TASK DESCRIPTION:
A faithful copy of every entry is the goal; keep the images out of it.

DATA RECORDS:
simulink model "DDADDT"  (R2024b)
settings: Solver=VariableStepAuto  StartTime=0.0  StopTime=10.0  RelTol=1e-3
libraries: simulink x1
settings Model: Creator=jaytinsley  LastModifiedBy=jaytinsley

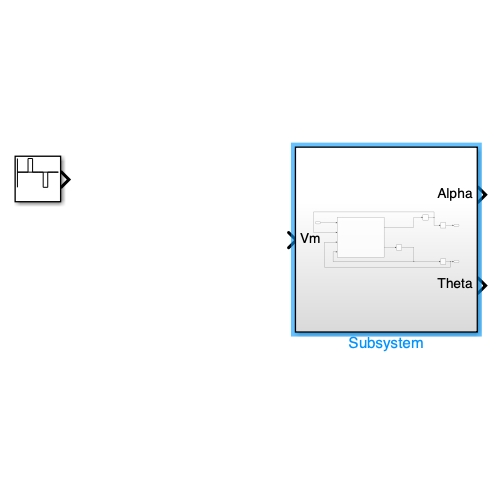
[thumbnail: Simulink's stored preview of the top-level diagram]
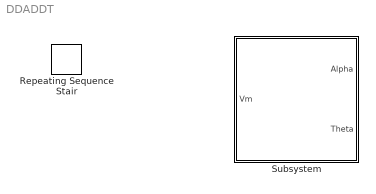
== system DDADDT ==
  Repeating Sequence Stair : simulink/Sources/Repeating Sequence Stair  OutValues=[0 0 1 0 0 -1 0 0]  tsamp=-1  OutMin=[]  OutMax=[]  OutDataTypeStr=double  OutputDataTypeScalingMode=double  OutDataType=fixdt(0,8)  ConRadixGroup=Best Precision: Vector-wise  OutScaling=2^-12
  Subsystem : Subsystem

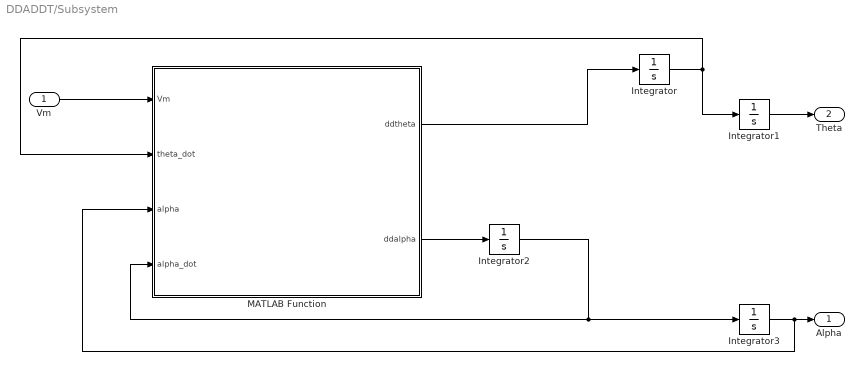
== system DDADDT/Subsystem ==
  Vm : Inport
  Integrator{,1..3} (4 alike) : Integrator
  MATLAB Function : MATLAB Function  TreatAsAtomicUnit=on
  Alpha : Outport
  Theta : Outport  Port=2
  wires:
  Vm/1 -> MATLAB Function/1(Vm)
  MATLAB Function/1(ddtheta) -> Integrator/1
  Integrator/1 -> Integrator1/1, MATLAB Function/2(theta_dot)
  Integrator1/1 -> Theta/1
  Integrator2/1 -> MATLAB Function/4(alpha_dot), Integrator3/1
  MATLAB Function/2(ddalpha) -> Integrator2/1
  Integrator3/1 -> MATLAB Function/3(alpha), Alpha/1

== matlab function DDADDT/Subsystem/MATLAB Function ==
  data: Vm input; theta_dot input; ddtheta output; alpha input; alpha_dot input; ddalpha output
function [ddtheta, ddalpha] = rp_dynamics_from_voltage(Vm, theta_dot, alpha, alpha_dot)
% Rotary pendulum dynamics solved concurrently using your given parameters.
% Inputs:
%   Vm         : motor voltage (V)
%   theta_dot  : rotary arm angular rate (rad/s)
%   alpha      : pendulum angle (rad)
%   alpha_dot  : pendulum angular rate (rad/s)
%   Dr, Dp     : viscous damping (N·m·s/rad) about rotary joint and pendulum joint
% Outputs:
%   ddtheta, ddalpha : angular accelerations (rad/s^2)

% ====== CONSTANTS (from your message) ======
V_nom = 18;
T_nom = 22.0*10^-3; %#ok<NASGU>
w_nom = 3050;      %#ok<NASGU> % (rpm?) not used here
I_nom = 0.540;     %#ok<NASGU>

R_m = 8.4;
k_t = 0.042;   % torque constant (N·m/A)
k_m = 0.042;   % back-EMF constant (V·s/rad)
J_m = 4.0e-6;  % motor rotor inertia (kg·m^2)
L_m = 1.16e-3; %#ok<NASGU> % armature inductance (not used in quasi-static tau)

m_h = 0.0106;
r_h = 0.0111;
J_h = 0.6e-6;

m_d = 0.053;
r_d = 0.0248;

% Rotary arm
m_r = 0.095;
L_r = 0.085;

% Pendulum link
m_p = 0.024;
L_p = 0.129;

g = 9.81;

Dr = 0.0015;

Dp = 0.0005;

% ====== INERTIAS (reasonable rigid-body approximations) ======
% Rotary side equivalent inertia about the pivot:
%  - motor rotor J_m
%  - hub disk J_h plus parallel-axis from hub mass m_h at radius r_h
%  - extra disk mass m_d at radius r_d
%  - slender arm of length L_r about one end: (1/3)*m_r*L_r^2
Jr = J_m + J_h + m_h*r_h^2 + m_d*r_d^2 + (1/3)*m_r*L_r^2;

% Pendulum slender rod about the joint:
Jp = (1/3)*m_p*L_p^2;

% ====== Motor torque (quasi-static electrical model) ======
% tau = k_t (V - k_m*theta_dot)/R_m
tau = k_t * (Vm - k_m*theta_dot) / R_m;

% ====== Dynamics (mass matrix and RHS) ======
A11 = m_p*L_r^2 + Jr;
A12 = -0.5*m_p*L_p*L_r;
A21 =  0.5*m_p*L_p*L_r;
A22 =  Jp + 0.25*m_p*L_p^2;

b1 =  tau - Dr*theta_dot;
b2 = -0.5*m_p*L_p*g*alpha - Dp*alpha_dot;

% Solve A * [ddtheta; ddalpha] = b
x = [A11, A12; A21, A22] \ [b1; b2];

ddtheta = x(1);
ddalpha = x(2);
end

REPLY TO THE TASK:
simulink model "DDADDT"  (R2024b)
settings: Solver=VariableStepAuto  StartTime=0.0  StopTime=10.0  RelTol=1e-3
libraries: simulink x1
settings Model: Creator=jaytinsley  LastModifiedBy=jaytinsley

[thumbnail: Simulink's stored preview of the top-level diagram]
== system DDADDT ==
  Repeating Sequence Stair : simulink/Sources/Repeating Sequence Stair  OutValues=[0 0 1 0 0 -1 0 0]  tsamp=-1  OutMin=[]  OutMax=[]  OutDataTypeStr=double  OutputDataTypeScalingMode=double  OutDataType=fixdt(0,8)  ConRadixGroup=Best Precision: Vector-wise  OutScaling=2^-12
  Subsystem : Subsystem

== system DDADDT/Subsystem ==
  Vm : Inport
  Integrator{,1..3} (4 alike) : Integrator
  MATLAB Function : MATLAB Function  TreatAsAtomicUnit=on
  Alpha : Outport
  Theta : Outport  Port=2
  wires:
  Vm/1 -> MATLAB Function/1(Vm)
  MATLAB Function/1(ddtheta) -> Integrator/1
  Integrator/1 -> Integrator1/1, MATLAB Function/2(theta_dot)
  Integrator1/1 -> Theta/1
  Integrator2/1 -> MATLAB Function/4(alpha_dot), Integrator3/1
  MATLAB Function/2(ddalpha) -> Integrator2/1
  Integrator3/1 -> MATLAB Function/3(alpha), Alpha/1

== matlab function DDADDT/Subsystem/MATLAB Function ==
  data: Vm input; theta_dot input; ddtheta output; alpha input; alpha_dot input; ddalpha output
function [ddtheta, ddalpha] = rp_dynamics_from_voltage(Vm, theta_dot, alpha, alpha_dot)
% Rotary pendulum dynamics solved concurrently using your given parameters.
% Inputs:
%   Vm         : motor voltage (V)
%   theta_dot  : rotary arm angular rate (rad/s)
%   alpha      : pendulum angle (rad)
%   alpha_dot  : pendulum angular rate (rad/s)
%   Dr, Dp     : viscous damping (N·m·s/rad) about rotary joint and pendulum joint
% Outputs:
%   ddtheta, ddalpha : angular accelerations (rad/s^2)

% ====== CONSTANTS (from your message) ======
V_nom = 18;
T_nom = 22.0*10^-3; %#ok<NASGU>
w_nom = 3050;      %#ok<NASGU> % (rpm?) not used here
I_nom = 0.540;     %#ok<NASGU>

R_m = 8.4;
k_t = 0.042;   % torque constant (N·m/A)
k_m = 0.042;   % back-EMF constant (V·s/rad)
J_m = 4.0e-6;  % motor rotor inertia (kg·m^2)
L_m = 1.16e-3; %#ok<NASGU> % armature inductance (not used in quasi-static tau)

m_h = 0.0106;
r_h = 0.0111;
J_h = 0.6e-6;

m_d = 0.053;
r_d = 0.0248;

% Rotary arm
m_r = 0.095;
L_r = 0.085;

% Pendulum link
m_p = 0.024;
L_p = 0.129;

g = 9.81;

Dr = 0.0015;

Dp = 0.0005;

% ====== INERTIAS (reasonable rigid-body approximations) ======
% Rotary side equivalent inertia about the pivot:
%  - motor rotor J_m
%  - hub disk J_h plus parallel-axis from hub mass m_h at radius r_h
%  - extra disk mass m_d at radius r_d
%  - slender arm of length L_r about one end: (1/3)*m_r*L_r^2
Jr = J_m + J_h + m_h*r_h^2 + m_d*r_d^2 + (1/3)*m_r*L_r^2;

% Pendulum slender rod about the joint:
Jp = (1/3)*m_p*L_p^2;

% ====== Motor torque (quasi-static electrical model) ======
% tau = k_t (V - k_m*theta_dot)/R_m
tau = k_t * (Vm - k_m*theta_dot) / R_m;

% ====== Dynamics (mass matrix and RHS) ======
A11 = m_p*L_r^2 + Jr;
A12 = -0.5*m_p*L_p*L_r;
A21 =  0.5*m_p*L_p*L_r;
A22 =  Jp + 0.25*m_p*L_p^2;

b1 =  tau - Dr*theta_dot;
b2 = -0.5*m_p*L_p*g*alpha - Dp*alpha_dot;

% Solve A * [ddtheta; ddalpha] = b
x = [A11, A12; A21, A22] \ [b1; b2];

ddtheta = x(1);
ddalpha = x(2);
end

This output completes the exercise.